Steps to Reproduce (for bugs)
Nothing special was done to reproduce this, but it was observed regularly in our environment.
Context
This is regularly causing communication issues between the pods in our environment. As part of preliminary investigation, as we tried to check for flannel logs, in journalctl, observed the following
Jul 27 05:23:15 system-test-03-cc30210035-node-2 flanneld[27730]: E0727 05:23:15.200382 27730 iptables.go:307] Failed to bootstrap IPTables: failed to apply partial iptables-restore unable to run iptables-restore (, ): exit status 4
Jul 27 05:23:15 system-test-03-cc30210035-node-2 flanneld[27730]: I0727 05:23:15.245615 27730 iptables.go:421] Some iptables rules are missing; deleting and recreating rules
Jul 27 05:23:15 system-test-03-cc30210035-node-2 flanneld[27730]: E0727 05:23:15.276349 27730 iptables.go:307] Failed to bootstrap IPTables: failed to apply partial iptables-restore unable to run iptables-restore (, ): exit status 4
Jul 27 05:23:15 system-test-03-cc30210035-node-2 flanneld[27730]: E0727 05:23:15.313107 27730 iptables.go:320] Failed to ensure iptables rules: error setting up rules: failed to apply partial iptables-restore unable to run iptables-re
store (, ): exit status 4
Jul 27 05:23:15 system-test-03-cc30210035-node-2 flanneld[27730]: I0727 05:23:15.320792 27730 iptables.go:421] Some iptables rules are missing; deleting and recreating rules
Jul 27 05:23:15 system-test-03-cc30210035-node-2 flanneld[27730]: I0727 05:23:15.491607 27730 iptables.go:283] bootstrap done
The firewall rules, for which it was failing, we tried to manually execute iptables-restore for the same. Then also ran into the issue:
$ cat test1.txt
*filter
-D FORWARD -m comment --comment "flanneld forward" -j FLANNEL-FWD
-A FORWARD -m comment --comment "flanneld forward" -j FLANNEL-FWD
-A FLANNEL-FWD -s 192.168.192.0/18 -m comment --comment "flanneld forward" -j ACCEPT
-A FLANNEL-FWD -d 192.168.192.0/18 -m comment --comment "flanneld forward" -j ACCEPT
COMMIT
$ sudo iptables-restore < test1.txt
iptables-restore v1.4.21: Couldn't load target `FLANNEL-FWD':No such file or directoryError occurred at line: 2
Try `iptables-restore -h' or 'iptables-restore --help' for more information.
Your Environment
- Flannel version: 0.22.0
- Backend used (e.g. vxlan or udp): VXLAN
- Etcd version: 3.5.8
- Kubernetes version (if used): 1.27.3
- Operating System and version: CentOS Linux release 7.9.2009 (Core)

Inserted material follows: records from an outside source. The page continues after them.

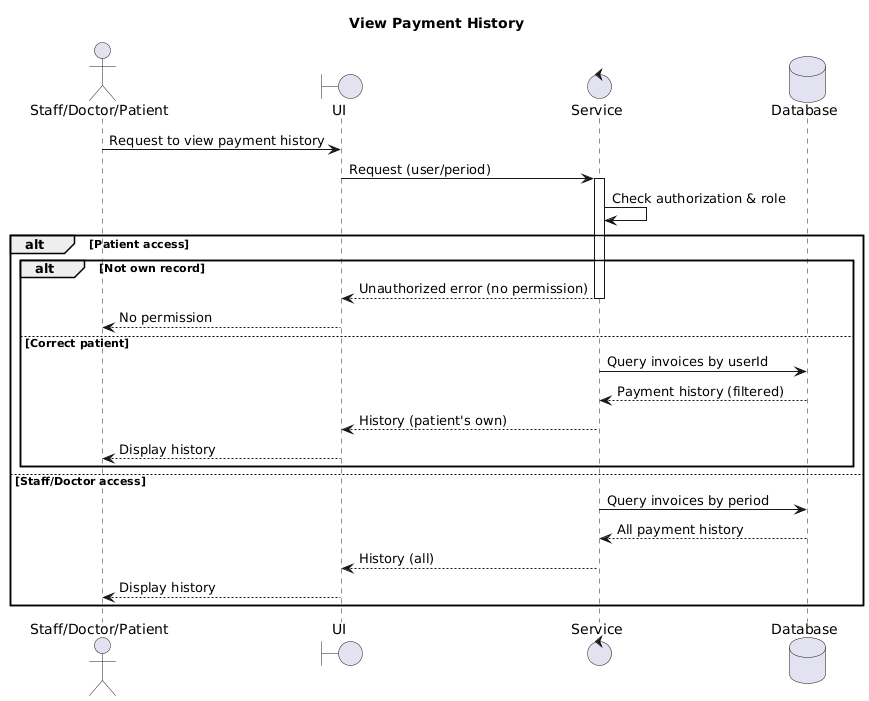

The diagram above was rendered by PlantUML. Its source (embedded in the PNG):
@startuml
title View Payment History

actor User as "Staff/Doctor/Patient"
boundary UI
control Service
database Database

User -> UI: Request to view payment history
UI -> Service: Request (user/period)
activate Service

Service -> Service: Check authorization & role

alt Patient access
  alt Not own record
    Service --> UI: Unauthorized error (no permission)
    deactivate Service
    UI --> User: No permission
  else Correct patient
    Service -> Database: Query invoices by userId
    Database --> Service: Payment history (filtered)
    Service --> UI: History (patient's own)
    deactivate Service
    UI --> User: Display history
  end
else Staff/Doctor access
  Service -> Database: Query invoices by period
  Database --> Service: All payment history
  Service --> UI: History (all)
  deactivate Service
  UI --> User: Display history
end
@enduml

- Link to your project (optional):
About this issue
- Original URL
- State: open
- Created a year ago
- Comments: 23 (15 by maintainers)
Right now when a new nodes is added to the cluster flannel will call that part of the code that you mentioned where it adds the MAC address that it get from the etcd entry. MAC address of an interface shouldn’t change if you somehow didn’t force that change. I am doing some tests to check if there are strange cases where it applies.